Dr. David Ross was already annoyed with his supervisor, but when he found a note on his classroom door telling students the lecture had been cancelled, he couldn’t contain himself.

The philosophy professor ripped down the notice, wrote a few choice words on it and stuffed it into an envelope with student course evaluations before delivering it the administration.

“I felt he had no damn right to do either action, and I disobeyed and had a class anyway,” Ross said of Bruce Meyer, the program supervisor who ordered the cancellation. After an intense war of words, he received a letter saying his contract would not be renewed, in part because he reportedly read some of the evaluations before submitting them.
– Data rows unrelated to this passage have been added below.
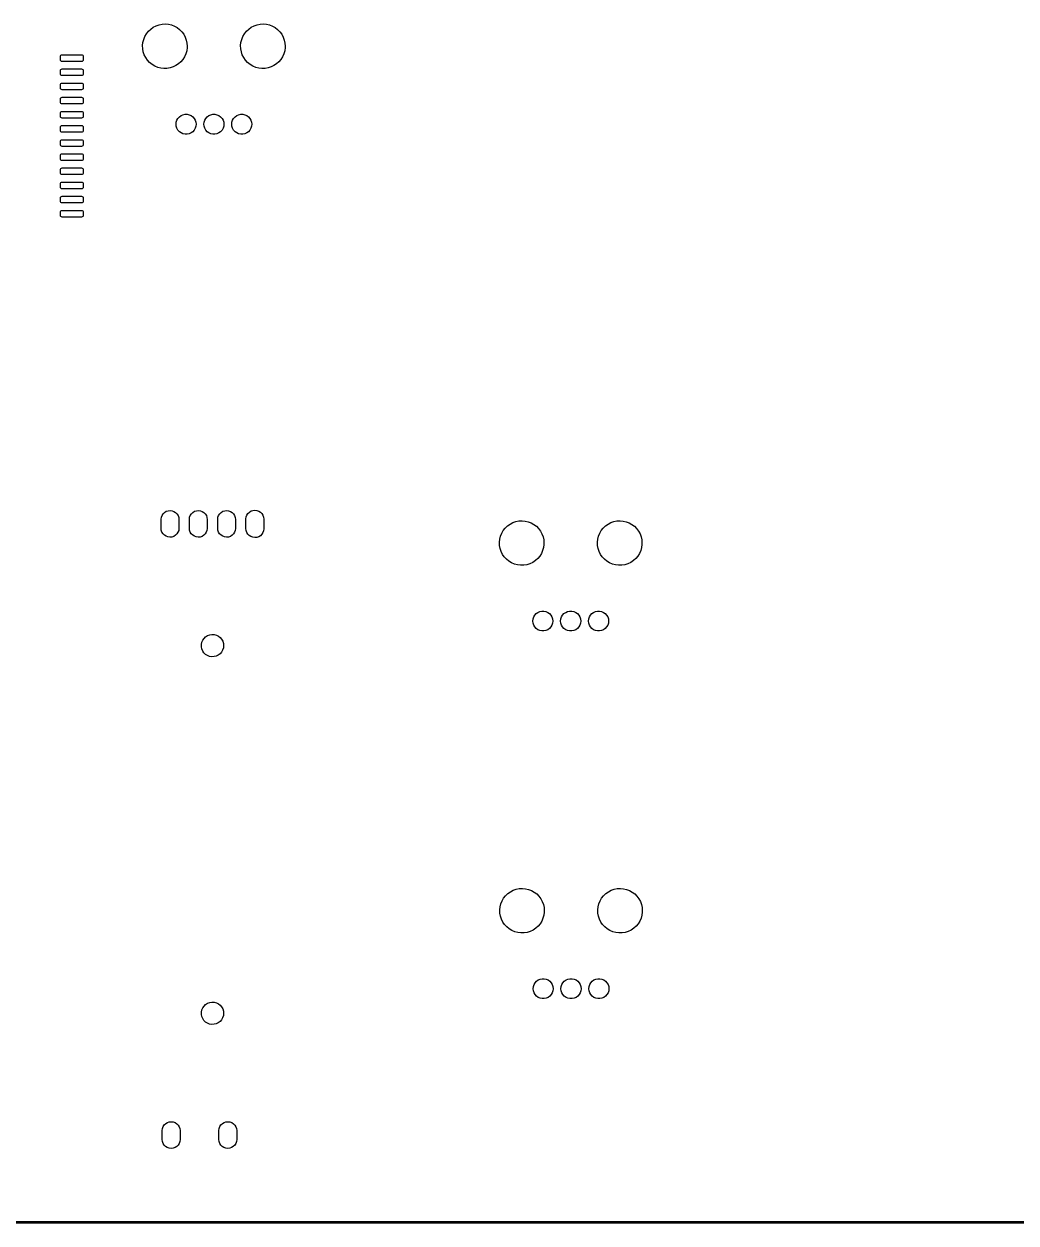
# Model space of a CAD drawing. Extents: x 119 to 479, y -311 to -51.
# Drawn here: x 299.9 to 389, y -311.1 to -203.4 of the extents above; entities that cross this region are included whole.
import ezdxf

# ---------------------------------------------------------------- set-up
doc = ezdxf.new("R2010")
doc.units = 0
doc.layers.add('BLACK', color=7, linetype='CONTINUOUS')

msp = doc.modelspace()

# ---------------------------------------------------------------- linework, layer by layer
at = {"layer": 'BLACK', "linetype": 'CONTINUOUS'}
for p, q in [((310.804, -204.57), (310.946, -204.326)), ((310.946, -204.326), (311.121, -204.104)), ((311.121, -204.104), (311.325, -203.909)), ((311.325, -203.909), (311.555, -203.745)), ((311.555, -203.745), (311.806, -203.614)), ((311.806, -203.614), (312.072, -203.521)), ((312.072, -203.521), (312.349, -203.466)), ((312.349, -203.466), (312.631, -203.45)), ((312.631, -203.45), (312.913, -203.475)), ((312.913, -203.475), (313.188, -203.538)), ((313.188, -203.538), (313.452, -203.64)), ((313.452, -203.64), (313.698, -203.778)), ((313.698, -203.778), (313.923, -203.95)), ((313.923, -203.95), (314.121, -204.151)), ((314.121, -204.151), (314.289, -204.378)), ((314.289, -204.378), (314.423, -204.627)), ((319.604, -204.57), (319.746, -204.326)), ((319.746, -204.326), (319.921, -204.104)), ((319.921, -204.104), (320.125, -203.909)), ((320.125, -203.909), (320.355, -203.745)), ((320.355, -203.745), (320.606, -203.614)), ((320.606, -203.614), (320.872, -203.521)), ((320.872, -203.521), (321.149, -203.466)), ((321.149, -203.466), (321.431, -203.45)), ((321.431, -203.45), (321.713, -203.475)), ((321.713, -203.475), (321.988, -203.538)), ((321.988, -203.538), (322.252, -203.64)), ((322.252, -203.64), (322.498, -203.778)), ((322.498, -203.778), (322.723, -203.95)), ((322.723, -203.95), (322.921, -204.151)), ((322.921, -204.151), (323.089, -204.378)), ((323.089, -204.378), (323.223, -204.627)), ((310.601, -205.387), (310.63, -205.106)), ((310.612, -205.669), (310.601, -205.387)), ((310.63, -205.106), (310.698, -204.832)), ((310.698, -204.832), (310.804, -204.57)), ((314.423, -204.627), (314.521, -204.892)), ((314.521, -204.892), (314.58, -205.168)), ((314.58, -205.168), (314.6, -205.45)), ((314.6, -205.45), (314.596, -205.576)), ((319.401, -205.387), (319.43, -205.106)), ((319.412, -205.669), (319.401, -205.387)), ((319.43, -205.106), (319.498, -204.832)), ((319.498, -204.832), (319.604, -204.57)), ((323.223, -204.627), (323.321, -204.892)), ((323.321, -204.892), (323.38, -205.168)), ((323.38, -205.168), (323.4, -205.45)), ((323.4, -205.45), (323.396, -205.576)), ((303.225, -206.365), (303.236, -206.308)), ((303.225, -206.665), (303.225, -206.365)), ((303.236, -206.308), (303.269, -206.259)), ((303.269, -206.259), (303.318, -206.226)), ((303.318, -206.226), (303.375, -206.215)), ((303.375, -206.215), (305.125, -206.215)), ((305.125, -206.215), (305.182, -206.226)), ((305.182, -206.226), (305.231, -206.259)), ((305.231, -206.259), (305.264, -206.308)), ((305.264, -206.308), (305.275, -206.365)), ((305.275, -206.365), (305.275, -206.665)), ((310.663, -205.947), (310.612, -205.669)), ((310.752, -206.215), (310.663, -205.947)), ((310.879, -206.468), (310.752, -206.215)), ((311.039, -206.7), (310.879, -206.468)), ((314.218, -206.626), (314.036, -206.842)), ((314.368, -206.386), (314.218, -206.626)), ((314.482, -206.127), (314.368, -206.386)), ((314.558, -205.856), (314.482, -206.127)), ((314.596, -205.576), (314.558, -205.856)), ((319.463, -205.947), (319.412, -205.669)), ((319.552, -206.215), (319.463, -205.947)), ((319.679, -206.468), (319.552, -206.215)), ((319.839, -206.7), (319.679, -206.468)), ((323.018, -206.626), (322.836, -206.842)), ((323.168, -206.386), (323.018, -206.626)), ((323.282, -206.127), (323.168, -206.386)), ((323.358, -205.856), (323.282, -206.127)), ((323.396, -205.576), (323.358, -205.856)), ((303.236, -206.722), (303.225, -206.665)), ((303.225, -207.635), (303.236, -207.578)), ((303.225, -207.935), (303.225, -207.635)), ((303.269, -206.771), (303.236, -206.722)), ((303.236, -207.578), (303.269, -207.529)), ((303.318, -206.804), (303.269, -206.771)), ((303.269, -207.529), (303.318, -207.496)), ((303.375, -206.815), (303.318, -206.804)), ((303.318, -207.496), (303.375, -207.485)), ((305.125, -206.815), (303.375, -206.815)), ((303.375, -207.485), (305.125, -207.485)), ((305.182, -206.804), (305.125, -206.815)), ((305.125, -207.485), (305.182, -207.496)), ((305.231, -206.771), (305.182, -206.804)), ((305.182, -207.496), (305.231, -207.529)), ((305.264, -206.722), (305.231, -206.771)), ((305.231, -207.529), (305.264, -207.578)), ((305.275, -206.665), (305.264, -206.722)), ((305.264, -207.578), (305.275, -207.635)), ((305.275, -207.635), (305.275, -207.935)), ((311.231, -206.908), (311.039, -206.7)), ((311.45, -207.086), (311.231, -206.908)), ((311.692, -207.232), (311.45, -207.086)), ((311.952, -207.342), (311.692, -207.232)), ((312.225, -207.415), (311.952, -207.342)), ((312.506, -207.448), (312.225, -207.415)), ((312.788, -207.441), (312.506, -207.448)), ((313.067, -207.395), (312.788, -207.441)), ((313.336, -207.31), (313.067, -207.395)), ((313.591, -207.187), (313.336, -207.31)), ((313.826, -207.03), (313.591, -207.187)), ((314.036, -206.842), (313.826, -207.03)), ((320.031, -206.908), (319.839, -206.7)), ((320.25, -207.086), (320.031, -206.908)), ((320.492, -207.232), (320.25, -207.086)), ((320.752, -207.342), (320.492, -207.232)), ((321.025, -207.415), (320.752, -207.342)), ((321.306, -207.448), (321.025, -207.415)), ((321.588, -207.441), (321.306, -207.448)), ((321.867, -207.395), (321.588, -207.441)), ((322.136, -207.31), (321.867, -207.395)), ((322.391, -207.187), (322.136, -207.31)), ((322.626, -207.03), (322.391, -207.187)), ((322.836, -206.842), (322.626, -207.03)), ((303.236, -207.992), (303.225, -207.935)), ((303.269, -208.041), (303.236, -207.992)), ((303.318, -208.074), (303.269, -208.041)), ((303.269, -208.799), (303.318, -208.766)), ((303.375, -208.085), (303.318, -208.074)), ((303.318, -208.766), (303.375, -208.755)), ((305.125, -208.085), (303.375, -208.085)), ((303.375, -208.755), (305.125, -208.755)), ((305.182, -208.074), (305.125, -208.085)), ((305.125, -208.755), (305.182, -208.766)), ((305.231, -208.041), (305.182, -208.074)), ((305.182, -208.766), (305.231, -208.799)), ((305.264, -207.992), (305.231, -208.041)), ((305.275, -207.935), (305.264, -207.992)), ((303.225, -208.905), (303.236, -208.848)), ((303.225, -209.205), (303.225, -208.905)), ((303.236, -209.262), (303.225, -209.205)), ((303.236, -208.848), (303.269, -208.799)), ((303.269, -209.311), (303.236, -209.262)), ((303.318, -209.344), (303.269, -209.311)), ((303.375, -209.355), (303.318, -209.344)), ((305.125, -209.355), (303.375, -209.355)), ((305.182, -209.344), (305.125, -209.355)), ((305.231, -209.311), (305.182, -209.344)), ((305.231, -208.799), (305.264, -208.848)), ((305.264, -209.262), (305.231, -209.311)), ((305.264, -208.848), (305.275, -208.905)), ((305.275, -209.205), (305.264, -209.262)), ((305.275, -208.905), (305.275, -209.205)), ((303.225, -210.175), (303.236, -210.118)), ((303.225, -210.475), (303.225, -210.175)), ((303.236, -210.532), (303.225, -210.475)), ((303.236, -210.118), (303.269, -210.069)), ((303.269, -210.581), (303.236, -210.532)), ((303.269, -210.069), (303.318, -210.036)), ((303.318, -210.614), (303.269, -210.581)), ((303.318, -210.036), (303.375, -210.025)), ((303.375, -210.625), (303.318, -210.614)), ((303.375, -210.025), (305.125, -210.025)), ((305.125, -210.625), (303.375, -210.625)), ((305.125, -210.025), (305.182, -210.036)), ((305.182, -210.614), (305.125, -210.625)), ((305.182, -210.036), (305.231, -210.069)), ((305.231, -210.581), (305.182, -210.614)), ((305.231, -210.069), (305.264, -210.118)), ((305.264, -210.532), (305.231, -210.581)), ((305.264, -210.118), (305.275, -210.175)), ((305.275, -210.475), (305.264, -210.532)), ((305.275, -210.175), (305.275, -210.475)), ((303.225, -211.445), (303.236, -211.388)), ((303.225, -211.745), (303.225, -211.445)), ((303.236, -211.802), (303.225, -211.745)), ((303.236, -211.388), (303.269, -211.339)), ((303.269, -211.851), (303.236, -211.802)), ((303.269, -211.339), (303.318, -211.306)), ((303.318, -211.884), (303.269, -211.851)), ((303.318, -211.306), (303.375, -211.295)), ((303.375, -211.895), (303.318, -211.884)), ((303.375, -211.295), (305.125, -211.295)), ((305.125, -211.895), (303.375, -211.895)), ((305.125, -211.295), (305.182, -211.306)), ((305.182, -211.884), (305.125, -211.895)), ((305.182, -211.306), (305.231, -211.339)), ((305.231, -211.851), (305.182, -211.884)), ((305.231, -211.339), (305.264, -211.388)), ((305.264, -211.802), (305.231, -211.851)), ((305.264, -211.388), (305.275, -211.445)), ((305.275, -211.745), (305.264, -211.802)), ((305.275, -211.445), (305.275, -211.745)), ((313.678, -212.084), (313.772, -211.921)), ((313.772, -211.921), (313.898, -211.781)), ((313.898, -211.781), (314.05, -211.671)), ((314.05, -211.671), (314.222, -211.594)), ((314.222, -211.594), (314.406, -211.555)), ((314.406, -211.555), (314.594, -211.555)), ((314.594, -211.555), (314.778, -211.594)), ((314.778, -211.594), (314.95, -211.671)), ((314.95, -211.671), (315.102, -211.781)), ((315.102, -211.781), (315.228, -211.921)), ((315.228, -211.921), (315.322, -212.084)), ((316.178, -212.084), (316.272, -211.921)), ((316.272, -211.921), (316.398, -211.781)), ((316.398, -211.781), (316.55, -211.671)), ((316.55, -211.671), (316.722, -211.594)), ((316.722, -211.594), (316.906, -211.555)), ((316.906, -211.555), (317.094, -211.555)), ((317.094, -211.555), (317.278, -211.594)), ((317.278, -211.594), (317.45, -211.671)), ((317.45, -211.671), (317.602, -211.781)), ((317.602, -211.781), (317.728, -211.921)), ((317.728, -211.921), (317.822, -212.084)), ((318.678, -212.084), (318.772, -211.921)), ((318.772, -211.921), (318.898, -211.781)), ((318.898, -211.781), (319.05, -211.671)), ((319.05, -211.671), (319.222, -211.594)), ((319.222, -211.594), (319.406, -211.555)), ((319.406, -211.555), (319.594, -211.555)), ((319.594, -211.555), (319.778, -211.594)), ((319.778, -211.594), (319.95, -211.671)), ((319.95, -211.671), (320.102, -211.781)), ((320.102, -211.781), (320.228, -211.921)), ((320.228, -211.921), (320.322, -212.084)), ((303.225, -212.715), (303.236, -212.658)), ((303.225, -213.015), (303.225, -212.715)), ((303.236, -213.072), (303.225, -213.015)), ((303.236, -212.658), (303.269, -212.609)), ((303.269, -213.121), (303.236, -213.072)), ((303.269, -212.609), (303.318, -212.576)), ((303.318, -212.576), (303.375, -212.565)), ((303.375, -212.565), (305.125, -212.565)), ((305.125, -212.565), (305.182, -212.576)), ((305.182, -212.576), (305.231, -212.609)), ((305.231, -212.609), (305.264, -212.658)), ((305.264, -213.072), (305.231, -213.121)), ((305.264, -212.658), (305.275, -212.715)), ((305.275, -213.015), (305.264, -213.072)), ((305.275, -212.715), (305.275, -213.015)), ((313.6, -212.45), (313.62, -212.263)), ((313.62, -212.637), (313.6, -212.45)), ((313.62, -212.263), (313.678, -212.084)), ((313.678, -212.816), (313.62, -212.637)), ((313.772, -212.979), (313.678, -212.816)), ((313.898, -213.119), (313.772, -212.979)), ((315.228, -212.979), (315.102, -213.119)), ((315.322, -212.816), (315.228, -212.979)), ((315.322, -212.084), (315.38, -212.263)), ((315.38, -212.637), (315.322, -212.816)), ((315.38, -212.263), (315.4, -212.45)), ((315.4, -212.45), (315.38, -212.637)), ((316.1, -212.45), (316.12, -212.263)), ((316.12, -212.637), (316.1, -212.45)), ((316.12, -212.263), (316.178, -212.084)), ((316.178, -212.816), (316.12, -212.637)), ((316.272, -212.979), (316.178, -212.816)), ((316.398, -213.119), (316.272, -212.979)), ((317.728, -212.979), (317.602, -213.119)), ((317.822, -212.816), (317.728, -212.979)), ((317.822, -212.084), (317.88, -212.263)), ((317.88, -212.637), (317.822, -212.816)), ((317.88, -212.263), (317.9, -212.45)), ((317.9, -212.45), (317.88, -212.637)), ((318.6, -212.45), (318.62, -212.263)), ((318.62, -212.637), (318.6, -212.45)), ((318.62, -212.263), (318.678, -212.084)), ((318.678, -212.816), (318.62, -212.637)), ((318.772, -212.979), (318.678, -212.816)), ((318.898, -213.119), (318.772, -212.979)), ((320.228, -212.979), (320.102, -213.119)), ((320.322, -212.816), (320.228, -212.979)), ((320.322, -212.084), (320.38, -212.263)), ((320.38, -212.637), (320.322, -212.816)), ((320.38, -212.263), (320.4, -212.45)), ((320.4, -212.45), (320.38, -212.637)), ((303.225, -213.985), (303.236, -213.928)), ((303.225, -214.285), (303.225, -213.985)), ((303.236, -213.928), (303.269, -213.879)), ((303.318, -213.154), (303.269, -213.121)), ((303.269, -213.879), (303.318, -213.846)), ((303.375, -213.165), (303.318, -213.154)), ((303.318, -213.846), (303.375, -213.835)), ((305.125, -213.165), (303.375, -213.165)), ((303.375, -213.835), (305.125, -213.835)), ((305.182, -213.154), (305.125, -213.165)), ((305.125, -213.835), (305.182, -213.846)), ((305.231, -213.121), (305.182, -213.154)), ((305.182, -213.846), (305.231, -213.879)), ((305.231, -213.879), (305.264, -213.928)), ((305.264, -213.928), (305.275, -213.985)), ((305.275, -213.985), (305.275, -214.285)), ((314.05, -213.229), (313.898, -213.119)), ((314.222, -213.306), (314.05, -213.229)), ((314.406, -213.345), (314.222, -213.306)), ((314.594, -213.345), (314.406, -213.345)), ((314.778, -213.306), (314.594, -213.345)), ((314.95, -213.229), (314.778, -213.306)), ((315.102, -213.119), (314.95, -213.229)), ((316.55, -213.229), (316.398, -213.119)), ((316.722, -213.306), (316.55, -213.229)), ((316.906, -213.345), (316.722, -213.306)), ((317.094, -213.345), (316.906, -213.345)), ((317.278, -213.306), (317.094, -213.345)), ((317.45, -213.229), (317.278, -213.306)), ((317.602, -213.119), (317.45, -213.229)), ((319.05, -213.229), (318.898, -213.119)), ((319.222, -213.306), (319.05, -213.229)), ((319.406, -213.345), (319.222, -213.306)), ((319.594, -213.345), (319.406, -213.345)), ((319.778, -213.306), (319.594, -213.345)), ((319.95, -213.229), (319.778, -213.306)), ((320.102, -213.119), (319.95, -213.229)), ((303.236, -214.342), (303.225, -214.285)), ((303.225, -215.255), (303.236, -215.198)), ((303.269, -214.391), (303.236, -214.342)), ((303.236, -215.198), (303.269, -215.149)), ((303.318, -214.424), (303.269, -214.391)), ((303.269, -215.149), (303.318, -215.116)), ((303.375, -214.435), (303.318, -214.424)), ((303.318, -215.116), (303.375, -215.105)), ((305.125, -214.435), (303.375, -214.435)), ((303.375, -215.105), (305.125, -215.105)), ((305.182, -214.424), (305.125, -214.435)), ((305.125, -215.105), (305.182, -215.116)), ((305.231, -214.391), (305.182, -214.424)), ((305.182, -215.116), (305.231, -215.149)), ((305.264, -214.342), (305.231, -214.391)), ((305.231, -215.149), (305.264, -215.198)), ((305.275, -214.285), (305.264, -214.342)), ((305.264, -215.198), (305.275, -215.255)), ((303.225, -215.555), (303.225, -215.255)), ((303.236, -215.612), (303.225, -215.555)), ((303.269, -215.661), (303.236, -215.612)), ((303.318, -215.694), (303.269, -215.661)), ((303.375, -215.705), (303.318, -215.694)), ((305.125, -215.705), (303.375, -215.705)), ((305.182, -215.694), (305.125, -215.705)), ((305.231, -215.661), (305.182, -215.694)), ((305.264, -215.612), (305.231, -215.661)), ((305.275, -215.555), (305.264, -215.612)), ((305.275, -215.255), (305.275, -215.555)), ((303.225, -216.525), (303.236, -216.468)), ((303.225, -216.825), (303.225, -216.525)), ((303.236, -216.882), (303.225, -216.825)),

The battle began a short time earlier, when Meyer phoned Ross to tell him they had received formal complaints about “the environment of the classroom.” Ross thinks the complaint was more specific, however, saying the catalyst was his use of a controversial novel, Story of O.

“I felt that Story of O had erotic evolutionary value,” he said, in reference to the course’s goal of comparing Plato’s ideas to numerous contemporary texts. “And I continued to teach that.”

After Meyer’s phone call, the two exchanged a series of fiery emails where Ross insisted his role as an educator was to ruffle a few feathers.

“I should put a disclaimer on my courses—Be prepared to think,” said Ross. “This is not an information session. This is thinking, this is learning, this is education.”

Ross also put his political viewpoint on the line.

“I am a communist, not a middle-class reformer, and my objective as a teacher is to build a communist movement,” he said. Shortly after, the two exchanged heated words in person, which ended, according to Ross, in his being kicked out of Meyer’s office. Ross also claims Meyer told him to stick to the text, leave his personality and soapbox outside the classroom.

Meyer won’t comment.

“He isn’t interest in speaking with you,” said Elise Gervais, program assistant in the Writing and Literature Department at the School of Continuing Studies, where Ross taught. “It ends here.”

Program Director Mary Barrie says Ross’ politics and behaviour were not appropriate.

“His reason for teaching is to build a communist movement,” she said. “Recruiting for any movement is totally incompatible with academic freedom and unacceptable in an institution of higher learning.”

But the students of Ross that the Varsity was able to contact aren’t buying it. Bonnie Burnett says Barrie’s allegations are “ridiculous.”

“He talked about communism, but he didn’t try to recruit,” said fellow student Judith Hajdu.

Although Barrie notes they did receive written complaints from students, Hajdu and Burnett have a hard time believing he created a “an environment which was uncomfortable” or a community that was not “easy, free, respectful and open” as Barrie alleges.

“I totally enjoyed all the classes,” said Hajdu.

“He always gave everybody a voice,” stated Burnett.

The two also say their attempts to talk to Meyer for an explanation have been frustrating at best.

“There weren’t any answers,” said Burnett. “It seemed like a personal, vindictive thing. I know they [Ross and Meyer] didn’t get along.”

The students also say that, contrary to the administration’s claim that only the Meaning of Life course was cancelled, their second last German Philosophy course session was also cancelled.

Barrie, however, notes that the real concern remains the student evaluations.

“The matter of an envelope being returned in David Ross’ hands full of student evaluations, irrespective of the crude language written on it, is at heart the principle that Dave completely, seemingly, has disavowed,” she said. “Those evaluations were not kept in confidence. He was reading some number of his students’ commentary. I don’t know how many students, sensing that, would have been uncomfortable about evaluating at all.”

Ross, for his part, says more fundamental issues are at stake.

“I stood up for education and [Meyer] does not and I pointed it out to his face,” Ross explained of the conflict between himself and Meyer. “The real obscenity is not the word ‘fuck’ on an envelope. The real obscenity is educators forgetting who they are.”